In a preferred embodiment, the data system 88 is programmed to direct the operations of the multi-port valves 28 to provide fluids from the wells 14 to an associated multiphase flow meter 34 on a regular, scheduled basis to monitor the fluids from the wells. The data system 88 may direct operations of the wells 14, the multiphase pump 30, and/or the processing facility 46 in response to an alert based on preselected conditions measured in the flow meters 34 and/or other devices such as pressure and temperature measurement devices to correct potential problems detected in the system.

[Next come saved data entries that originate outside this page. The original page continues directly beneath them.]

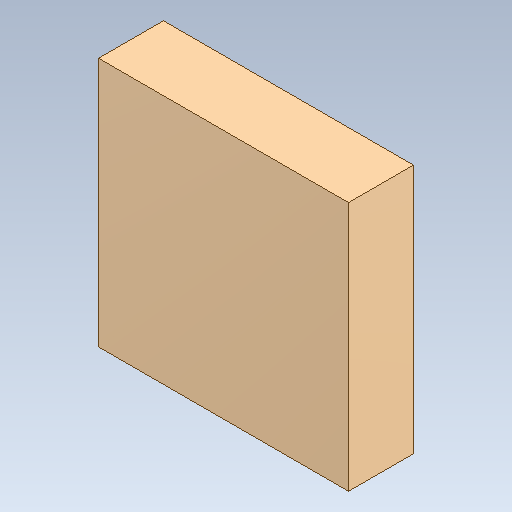
# Autodesk Inventor part: TPS6300
Saved by Autodesk Inventor 2021 (Build 250183000, 183)
## iProperties
Created: 2020-11-03
Part Number: TPS6300
Material: Generic
Document SubType Name: Modeling
Designer: faiya
Density: 1 g/cm^3
Appearance: DRC-S-PVSON-N10, TPS6300
Author: faiya
Autodesk Inventor part; units mm, degrees
ref_plane "YZ Plane" through (0, 0, 0) normal (1, 0, 0) x (0, 1, 0)
ref_plane "XZ Plane" through (0, 0, 0) normal (0, 1, 0) x (-1, 0, 0)
ref_plane "XY Plane" through (0, 0, 0) normal (0, 0, 1) x (1, 0, 0)
sketch "DRC-S-PVSON-N10, TPS6300_46" plane through (0, 0, 0) normal (0, 0, 1) x (1, 0, 0)
  line L0 (-1.925, 1.925) -> (1.925, 1.925)
  line L1 (1.925, 1.925) -> (1.925, -1.925)
  line L2 (1.925, -1.925) -> (-1.925, -1.925)
  line L3 (-1.925, -1.925) -> (-1.925, 1.925)
  constraints: 8 end point
extrude "Extrusion1" add sketch "DRC-S-PVSON-N10, TPS6300_46" along normal blind 1
body "Solid1"
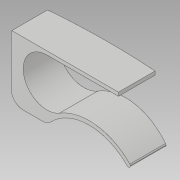
# Autodesk Inventor part: receiving_clip
Saved by Autodesk Inventor 2019.3 (Build 233278000, 278)
## iProperties
Created: 2019-03-03
Part Number: receiving_clip
Material: Generic
Document SubType Name: Modeling
Designer: WW
Density: 1 g/cm^3
Appearance: Default
Author: WW
Autodesk Inventor part; units mm, degrees
ref_plane "YZ Plane" through (0, 0, 0) normal (1, 0, 0) x (0, 1, 0)
ref_plane "XZ Plane" through (0, 0, 0) normal (0, 1, 0) x (-1, 0, 0)
ref_plane "XY Plane" through (0, 0, 0) normal (0, 0, 1) x (1, 0, 0)
sketch "Sketch1" plane through (0, 0, 0) normal (0, 1, 0) x (-1, 0, 0)
  arc A0 (-10, 0) -> (10, 0) centre (0, 113.8115) ccw
  line L0 (10, 0) -> (-10, 0) construction
  line L1 (10, 0) -> (-10, 0)
  line L2 (-10, 0) -> (-10, 6)
  line L3 (-10, 6) -> (10, 6)
  line L4 (10, 6) -> (10, 0)
  point P0 (0, 0)
  point P1 (0, 0)
  dimension "d0" = 114.25
  dimension "d1" = 20
  dimension "d2" = 6
  constraints: 10 end point, 2 horizontal, 2 parallel, 2 point on circle, 1 centre point, 1 coincident, 1 midpoint, 1 perpendicular, 1 vertical alignment
  measures "d0" radius of A0
  measures "d1" distance of L0.end L0.start
  measures "d2" distance of L0.end L2.end
extrude "Extrusion1" add sketch "Sketch1" along normal blind 12
sketch "Sketch2" plane through (-10, 0, 6) normal (0, 0, 1) x (1, 0, 0)
  line L0 (20, 0) -> (0, 0) construction
  line L1 (20, 0) -> (20, 12) construction
  line L2 (0, 12) -> (20, 12) construction
  line L3 (0, 0) -> (0, 12) construction
  circle A0 centre (6, 6) radius 4
  arc A1 (20, 1) -> (8.0951, 2.5925) centre (13.0714, -5.501) ccw
  line L4 (10, 6) -> (10, 0) construction
  line L5 (6, 10) -> (20, 10)
  line L6 (20, 1) -> (20, 0)
  line L7 (20, 0) -> (0, 0) construction
  line L8 (20, 0) -> (0, 0)
  line L9 (0, 0) -> (0, 12)
  line L10 (20, 12) -> (0, 12) construction
  line L11 (20, 12) -> (20, 10)
  line L12 (20, 12) -> (0, 12)
  line L13 (10.6891, 4) -> (16.5284, 4) construction
  arc A2 (20, 0) -> (6.1427, 0) centre (13.0714, -5.501) ccw
  line L14 (20, 1) -> (20, 10)
  point P0 (20, 6)
  dimension "d5" = 8
  dimension "d7" = 1
  dimension "d8" = 2
  dimension "d14" = 2
  constraints: 18 end point, 7 point on circle, 4 tangent, 3 centre point, 3 collinear, 3 point on line, 3 vertical, 2 perpendicular, 1 concentric, 1 horizontal, 1 horizontal alignment, 1 midpoint
  measures "d5" diameter of A0
  measures "d7" distance from line of L0 L6.start
  measures "d8" distance centre to line of A0 L13
  measures "d14" distance between parallel lines of L10 L5
extrude "Extrusion2" cut sketch "Sketch2" against normal through all contours A0 | A0 L5 L14 A1 | L8 A2
fillet "Fillet1" radius 0.32 2 edges at (10, 0, 3) (10, 1, 3)
fillet "Fillet2" radius 2 4 edges at (-3.8573, 0, 2.8133) (-10, 12, 3) (-10, 0, 3) (10, 10, 3)
sketch "Sketch3" plane through (-8, 0, 6) normal (0, 0, 1) x (1, 0, 0)
  arc A0 (16, 10) -> (18, 12) centre (16, 12) ccw construction
  line L0 (0, 12) -> (18, 12) construction
  arc A1 (0, 12) -> (-2, 10) centre (0, 10) ccw construction
  line L1 (-2, 2) -> (-2, 10) construction
  arc A2 (-2, 2) -> (0, 0) centre (0, 2) ccw construction
  line L2 (3.2362, 0) -> (0, 0) construction
  arc A3 (3.2362, 0) -> (4.6809, 0.6169) centre (3.2362, 2) ccw construction
  arc A4 (17.4493, 0.63) -> (4.6809, 0.6169) centre (11.0714, -5.501) ccw construction
  arc A5 (17.4493, 0.63) -> (18, 0.8517) centre (17.68, 0.8517) ccw construction
  line L3 (18, 0.8517) -> (18, 0.8721) construction
  arc A6 (18, 0.8721) -> (17.9103, 1.0943) centre (17.68, 0.8721) ccw construction
  arc A7 (17.9103, 1.0943) -> (6.0951, 2.5925) centre (11.0714, -5.501) ccw construction
  arc A8 (4, 10) -> (6.0951, 2.5925) centre (4, 6) ccw construction
  line L4 (4, 10) -> (16, 10) construction
  line L5 (-2, 12) -> (18, 12)
  line L6 (18, 12) -> (18, 10.6)
  line L7 (18, 10.6) -> (-2, 10.6)
  line L8 (-2, 10.6) -> (-2, 12)
  line L9 (16, 10.6) -> (18, 10.6)
  line L10 (18, 10.6) -> (18, 10)
  line L11 (18, 10) -> (16, 10)
  line L12 (16, 10) -> (16, 10.6)
  point P0 (8, 0)
  dimension "d15" = 20
  dimension "d16" = 1.4
  constraints: 16 end point, 4 parallel, 2 horizontal, 2 perpendicular, 1 point on line
  measures "d15" distance of L6.end L7.end
  measures "d16" distance of L5.end L6.end
extrude "Extrusion3" cut sketch "Sketch3" against normal blind 10
body "Solid1"

The present invention is well adapted to attain the ends and advantages mentioned as well as those that are inherent therein. The particular embodiments disclosed above are illustrative only, as the present invention may be modified and practiced in different but equivalent manners apparent to those skilled in the art having the benefit of the teachings herein. Furthermore, no limitations are intended to the details of construction or design herein shown, other than as described in the claims below. While compositions and methods are described in terms of“comprising,”“containing,” or“including” various components or steps, the compositions and methods can also“consist essentially of’ or

“consist of’ the various components and steps. Whenever a numerical range with a lower limit and an upper limit is disclosed, any number and any included range falling within the range is specifically disclosed. In particular, every range of values (of the form,“from a to b,” or, equivalently,“from a-b”) disclosed herein is to be understood to set forth every number and range encompassed within the broader range of values. Whenever a numerical range having a specific lower limit only, a specific upper limit only, or a specific upper limit and a specific lower limit is disclosed, the range may also include any numerical value“about” the specified lower limit and/or the specified upper limit. Also, the terms in the claims have their plain, ordinary meaning unless otherwise explicitly and clearly defined by the patentee. Moreover, the indefinite articles“a” or“an”, as used in the claims, are defined herein to mean one or more than one of the element that it introduces.